** Data shown follows **
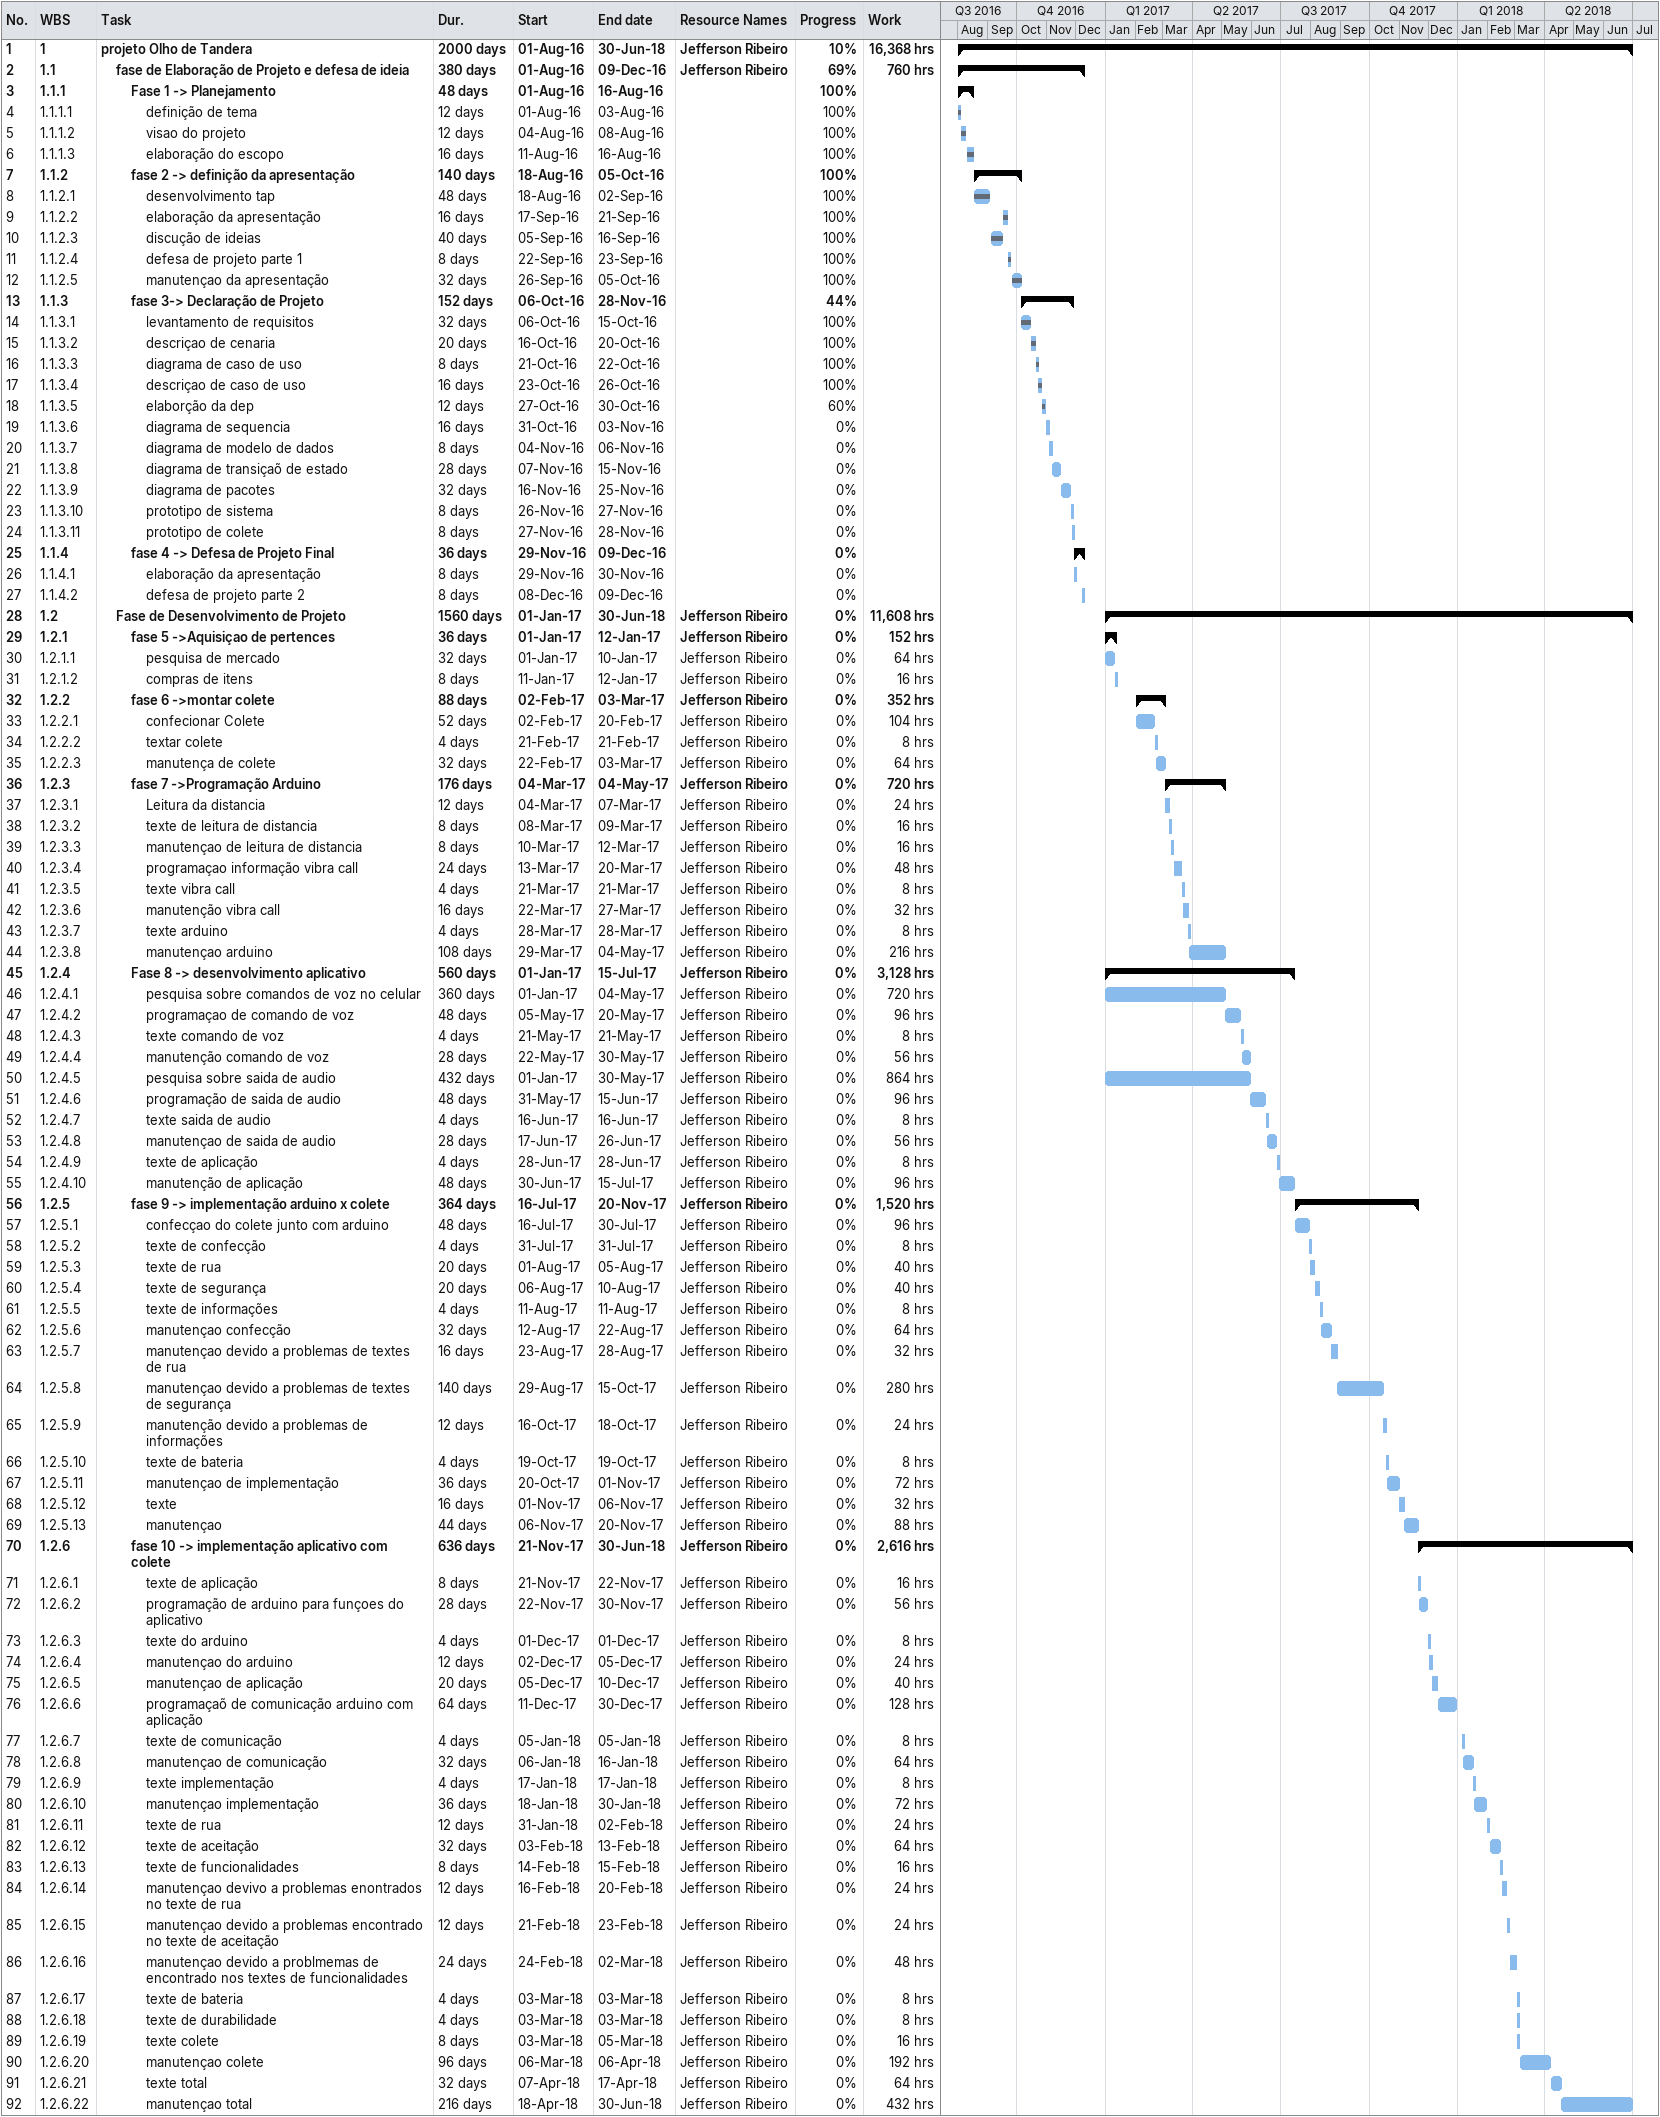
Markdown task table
| ID | WBS | Task | Duration | Start | Finish | Resources | % complete | Work (h) |
|---|---|---|---|---|---|---|---|---|
| 1 | 1 | **projeto Olho de Tandera** | 2000d | 2016-08-01 | 2018-06-30 | Jefferson Ribeiro | 10 | 16368 |
| 2 | 1.1 | **fase de Elaboração de Projeto e defesa de ideia** | 380d | 2016-08-01 | 2016-12-09 | Jefferson Ribeiro | 69 | 760 |
| 3 | 1.1.1 | **Fase 1 -> Planejamento** | 48d | 2016-08-01 | 2016-08-16 |  | 100 |  |
| 4 | 1.1.1.1 | definição de tema | 12d | 2016-08-01 | 2016-08-03 |  | 100 |  |
| 5 | 1.1.1.2 | visao do projeto | 12d | 2016-08-04 | 2016-08-08 |  | 100 |  |
| 6 | 1.1.1.3 | elaboração do escopo | 16d | 2016-08-11 | 2016-08-16 |  | 100 |  |
| 7 | 1.1.2 | **fase 2 -> definição da apresentação** | 140d | 2016-08-18 | 2016-10-05 |  | 100 |  |
| 8 | 1.1.2.1 | desenvolvimento tap | 48d | 2016-08-18 | 2016-09-02 |  | 100 |  |
| 9 | 1.1.2.2 | elaboração da apresentação | 16d | 2016-09-17 | 2016-09-21 |  | 100 |  |
| 10 | 1.1.2.3 | discução de ideias | 40d | 2016-09-05 | 2016-09-16 |  | 100 |  |
| 11 | 1.1.2.4 | defesa de projeto parte 1 | 8d | 2016-09-22 | 2016-09-23 |  | 100 |  |
| 12 | 1.1.2.5 | manutençao da apresentação | 32d | 2016-09-26 | 2016-10-05 |  | 100 |  |
| 13 | 1.1.3 | **fase 3-> Declaração de Projeto** | 152d | 2016-10-06 | 2016-11-28 |  | 44 |  |
| 14 | 1.1.3.1 | levantamento de requisitos | 32d | 2016-10-06 | 2016-10-15 |  | 100 |  |
| 15 | 1.1.3.2 | descriçao de cenaria | 20d | 2016-10-16 | 2016-10-20 |  | 100 |  |
| 16 | 1.1.3.3 | diagrama de caso de uso | 8d | 2016-10-21 | 2016-10-22 |  | 100 |  |
| 17 | 1.1.3.4 | descriçao de caso de uso | 16d | 2016-10-23 | 2016-10-26 |  | 100 |  |
| 18 | 1.1.3.5 | elaborção da dep | 12d | 2016-10-27 | 2016-10-30 |  | 60 |  |
| 19 | 1.1.3.6 | diagrama de sequencia | 16d | 2016-10-31 | 2016-11-03 |  | 0 |  |
| 20 | 1.1.3.7 | diagrama de modelo de dados | 8d | 2016-11-04 | 2016-11-06 |  | 0 |  |
| 21 | 1.1.3.8 | diagrama de transiçaõ de estado | 28d | 2016-11-07 | 2016-11-15 |  | 0 |  |
| 22 | 1.1.3.9 | diagrama de pacotes | 32d | 2016-11-16 | 2016-11-25 |  | 0 |  |
| 23 | 1.1.3.10 | prototipo de sistema | 8d | 2016-11-26 | 2016-11-27 |  | 0 |  |
| 24 | 1.1.3.11 | prototipo de colete | 8d | 2016-11-27 | 2016-11-28 |  | 0 |  |
| 25 | 1.1.4 | **fase 4 -> Defesa de Projeto Final** | 36d | 2016-11-29 | 2016-12-09 |  | 0 |  |
| 26 | 1.1.4.1 | elaboração da apresentação | 8d | 2016-11-29 | 2016-11-30 |  | 0 |  |
| 27 | 1.1.4.2 | defesa de projeto parte 2 | 8d | 2016-12-08 | 2016-12-09 |  | 0 |  |
| 28 | 1.2 | **Fase de Desenvolvimento de Projeto** | 1560d | 2017-01-01 | 2018-06-30 | Jefferson Ribeiro | 0 | 11608 |
| 29 | 1.2.1 | **fase 5 ->Aquisiçao de pertences** | 36d | 2017-01-01 | 2017-01-12 | Jefferson Ribeiro | 0 | 152 |
| 30 | 1.2.1.1 | pesquisa de mercado | 32d | 2017-01-01 | 2017-01-10 | Jefferson Ribeiro | 0 | 64 |
| 31 | 1.2.1.2 | compras de itens | 8d | 2017-01-11 | 2017-01-12 | Jefferson Ribeiro | 0 | 16 |
| 32 | 1.2.2 | **fase 6 ->montar colete** | 88d | 2017-02-02 | 2017-03-03 | Jefferson Ribeiro | 0 | 352 |
| 33 | 1.2.2.1 | confecionar Colete | 52d | 2017-02-02 | 2017-02-20 | Jefferson Ribeiro | 0 | 104 |
| 34 | 1.2.2.2 | textar colete | 4d | 2017-02-21 | 2017-02-21 | Jefferson Ribeiro | 0 | 8 |
| 35 | 1.2.2.3 | manutença de colete | 32d | 2017-02-22 | 2017-03-03 | Jefferson Ribeiro | 0 | 64 |
| 36 | 1.2.3 | **fase 7 ->Programação Arduino** | 176d | 2017-03-04 | 2017-05-04 | Jefferson Ribeiro | 0 | 720 |
| 37 | 1.2.3.1 | Leitura da distancia | 12d | 2017-03-04 | 2017-03-07 | Jefferson Ribeiro | 0 | 24 |
| 38 | 1.2.3.2 | texte de leitura de distancia | 8d | 2017-03-08 | 2017-03-09 | Jefferson Ribeiro | 0 | 16 |
| 39 | 1.2.3.3 | manutençao de leitura de distancia | 8d | 2017-03-10 | 2017-03-12 | Jefferson Ribeiro | 0 | 16 |
| 40 | 1.2.3.4 | programaçao informação vibra call | 24d | 2017-03-13 | 2017-03-20 | Jefferson Ribeiro | 0 | 48 |
| 41 | 1.2.3.5 | texte vibra call | 4d | 2017-03-21 | 2017-03-21 | Jefferson Ribeiro | 0 | 8 |
| 42 | 1.2.3.6 | manutenção vibra call | 16d | 2017-03-22 | 2017-03-27 | Jefferson Ribeiro | 0 | 32 |
| 43 | 1.2.3.7 | texte arduino | 4d | 2017-03-28 | 2017-03-28 | Jefferson Ribeiro | 0 | 8 |
| 44 | 1.2.3.8 | manutençao arduino | 108d | 2017-03-29 | 2017-05-04 | Jefferson Ribeiro | 0 | 216 |
| 45 | 1.2.4 | **Fase 8 -> desenvolvimento aplicativo** | 560d | 2017-01-01 | 2017-07-15 | Jefferson Ribeiro | 0 | 3128 |
| 46 | 1.2.4.1 | pesquisa sobre comandos de voz no celular | 360d | 2017-01-01 | 2017-05-04 | Jefferson Ribeiro | 0 | 720 |
| 47 | 1.2.4.2 | programaçao de comando de voz | 48d | 2017-05-05 | 2017-05-20 | Jefferson Ribeiro | 0 | 96 |
| 48 | 1.2.4.3 | texte comando de voz | 4d | 2017-05-21 | 2017-05-21 | Jefferson Ribeiro | 0 | 8 |
| 49 | 1.2.4.4 | manutenção comando de voz | 28d | 2017-05-22 | 2017-05-30 | Jefferson Ribeiro | 0 | 56 |
| 50 | 1.2.4.5 | pesquisa sobre saida de audio | 432d | 2017-01-01 | 2017-05-30 | Jefferson Ribeiro | 0 | 864 |
| 51 | 1.2.4.6 | programação de saida de audio | 48d | 2017-05-31 | 2017-06-15 | Jefferson Ribeiro | 0 | 96 |
| 52 | 1.2.4.7 | texte saida de audio | 4d | 2017-06-16 | 2017-06-16 | Jefferson Ribeiro | 0 | 8 |
| 53 | 1.2.4.8 | manutençao de saida de audio | 28d | 2017-06-17 | 2017-06-26 | Jefferson Ribeiro | 0 | 56 |
| 54 | 1.2.4.9 | texte de aplicação | 4d | 2017-06-28 | 2017-06-28 | Jefferson Ribeiro | 0 | 8 |
| 55 | 1.2.4.10 | manutenção de aplicação | 48d | 2017-06-30 | 2017-07-15 | Jefferson Ribeiro | 0 | 96 |
| 56 | 1.2.5 | **fase 9 -> implementação arduino x colete** | 364d | 2017-07-16 | 2017-11-20 | Jefferson Ribeiro | 0 | 1520 |
| 57 | 1.2.5.1 | confecçao do colete junto com arduino | 48d | 2017-07-16 | 2017-07-30 | Jefferson Ribeiro | 0 | 96 |
| 58 | 1.2.5.2 | texte de confecção | 4d | 2017-07-31 | 2017-07-31 | Jefferson Ribeiro | 0 | 8 |
| 59 | 1.2.5.3 | texte de rua | 20d | 2017-08-01 | 2017-08-05 | Jefferson Ribeiro | 0 | 40 |
| 60 | 1.2.5.4 | texte de segurança | 20d | 2017-08-06 | 2017-08-10 | Jefferson Ribeiro | 0 | 40 |
| 61 | 1.2.5.5 | texte de informações | 4d | 2017-08-11 | 2017-08-11 | Jefferson Ribeiro | 0 | 8 |
| 62 | 1.2.5.6 | manutençao confecção | 32d | 2017-08-12 | 2017-08-22 | Jefferson Ribeiro | 0 | 64 |
| 63 | 1.2.5.7 | manutençao devido a problemas de textes de rua | 16d | 2017-08-23 | 2017-08-28 | Jefferson Ribeiro | 0 | 32 |
| 64 | 1.2.5.8 | manutençao devido a problemas de textes de segurança | 140d | 2017-08-29 | 2017-10-15 | Jefferson Ribeiro | 0 | 280 |
| 65 | 1.2.5.9 | manutenção devido a problemas de informações | 12d | 2017-10-16 | 2017-10-18 | Jefferson Ribeiro | 0 | 24 |
| 66 | 1.2.5.10 | texte de bateria | 4d | 2017-10-19 | 2017-10-19 | Jefferson Ribeiro | 0 | 8 |
| 67 | 1.2.5.11 | manutençao de implementação | 36d | 2017-10-20 | 2017-11-01 | Jefferson Ribeiro | 0 | 72 |
| 68 | 1.2.5.12 | texte | 16d | 2017-11-01 | 2017-11-06 | Jefferson Ribeiro | 0 | 32 |
| 69 | 1.2.5.13 | manutençao | 44d | 2017-11-06 | 2017-11-20 | Jefferson Ribeiro | 0 | 88 |
| 70 | 1.2.6 | **fase 10 -> implementação aplicativo com colete** | 636d | 2017-11-21 | 2018-06-30 | Jefferson Ribeiro | 0 | 2616 |
| 71 | 1.2.6.1 | texte de aplicação | 8d | 2017-11-21 | 2017-11-22 | Jefferson Ribeiro | 0 | 16 |
| 72 | 1.2.6.2 | programação de arduino para funçoes do aplicativo | 28d | 2017-11-22 | 2017-11-30 | Jefferson Ribeiro | 0 | 56 |
| 73 | 1.2.6.3 | texte do arduino | 4d | 2017-12-01 | 2017-12-01 | Jefferson Ribeiro | 0 | 8 |
| 74 | 1.2.6.4 | manutençao do arduino | 12d | 2017-12-02 | 2017-12-05 | Jefferson Ribeiro | 0 | 24 |
| 75 | 1.2.6.5 | manutençao de aplicação | 20d | 2017-12-05 | 2017-12-10 | Jefferson Ribeiro | 0 | 40 |
| 76 | 1.2.6.6 | programaçaõ de comunicação arduino com aplicação | 64d | 2017-12-11 | 2017-12-30 | Jefferson Ribeiro | 0 | 128 |
| 77 | 1.2.6.7 | texte de comunicação | 4d | 2018-01-05 | 2018-01-05 | Jefferson Ribeiro | 0 | 8 |
| 78 | 1.2.6.8 | manutençao de comunicação | 32d | 2018-01-06 | 2018-01-16 | Jefferson Ribeiro | 0 | 64 |
| 79 | 1.2.6.9 | texte implementação | 4d | 2018-01-17 | 2018-01-17 | Jefferson Ribeiro | 0 | 8 |
| 80 | 1.2.6.10 | manutençao implementação | 36d | 2018-01-18 | 2018-01-30 | Jefferson Ribeiro | 0 | 72 |
| 81 | 1.2.6.11 | texte de rua | 12d | 2018-01-31 | 2018-02-02 | Jefferson Ribeiro | 0 | 24 |
| 82 | 1.2.6.12 | texte de aceitação | 32d | 2018-02-03 | 2018-02-13 | Jefferson Ribeiro | 0 | 64 |
| 83 | 1.2.6.13 | texte de funcionalidades | 8d | 2018-02-14 | 2018-02-15 | Jefferson Ribeiro | 0 | 16 |
| 84 | 1.2.6.14 | manutençao devivo a problemas enontrados no texte de rua | 12d | 2018-02-16 | 2018-02-20 | Jefferson Ribeiro | 0 | 24 |
| 85 | 1.2.6.15 | manutençao devido a problemas encontrado no texte de aceitação | 12d | 2018-02-21 | 2018-02-23 | Jefferson Ribeiro | 0 | 24 |
| 86 | 1.2.6.16 | manutençao devido a problmemas de encontrado nos textes de funcionalidades | 24d | 2018-02-24 | 2018-03-02 | Jefferson Ribeiro | 0 | 48 |
| 87 | 1.2.6.17 | texte de bateria | 4d | 2018-03-03 | 2018-03-03 | Jefferson Ribeiro | 0 | 8 |
| 88 | 1.2.6.18 | texte de durabilidade | 4d | 2018-03-03 | 2018-03-03 | Jefferson Ribeiro | 0 | 8 |
| 89 | 1.2.6.19 | texte colete | 8d | 2018-03-03 | 2018-03-05 | Jefferson Ribeiro | 0 | 16 |
| 90 | 1.2.6.20 | manutençao colete | 96d | 2018-03-06 | 2018-04-06 | Jefferson Ribeiro | 0 | 192 |
| 91 | 1.2.6.21 | texte total | 32d | 2018-04-07 | 2018-04-17 | Jefferson Ribeiro | 0 | 64 |
| 92 | 1.2.6.22 | manutençao total | 216d | 2018-04-18 | 2018-06-30 | Jefferson Ribeiro | 0 | 432 |
** End of Data shown **
> To do
There is a run of lines above from the one with "1.2.3 | **fase" to the one with "41 | 1.2.3.5"; print exactly that run, both ends included, and nothing else.

> Answer space
| 36 | 1.2.3 | **fase 7 ->Programação Arduino** | 176d | 2017-03-04 | 2017-05-04 | Jefferson Ribeiro | 0 | 720 |
| 37 | 1.2.3.1 | Leitura da distancia | 12d | 2017-03-04 | 2017-03-07 | Jefferson Ribeiro | 0 | 24 |
| 38 | 1.2.3.2 | texte de leitura de distancia | 8d | 2017-03-08 | 2017-03-09 | Jefferson Ribeiro | 0 | 16 |
| 39 | 1.2.3.3 | manutençao de leitura de distancia | 8d | 2017-03-10 | 2017-03-12 | Jefferson Ribeiro | 0 | 16 |
| 40 | 1.2.3.4 | programaçao informação vibra call | 24d | 2017-03-13 | 2017-03-20 | Jefferson Ribeiro | 0 | 48 |
| 41 | 1.2.3.5 | texte vibra call | 4d | 2017-03-21 | 2017-03-21 | Jefferson Ribeiro | 0 | 8 |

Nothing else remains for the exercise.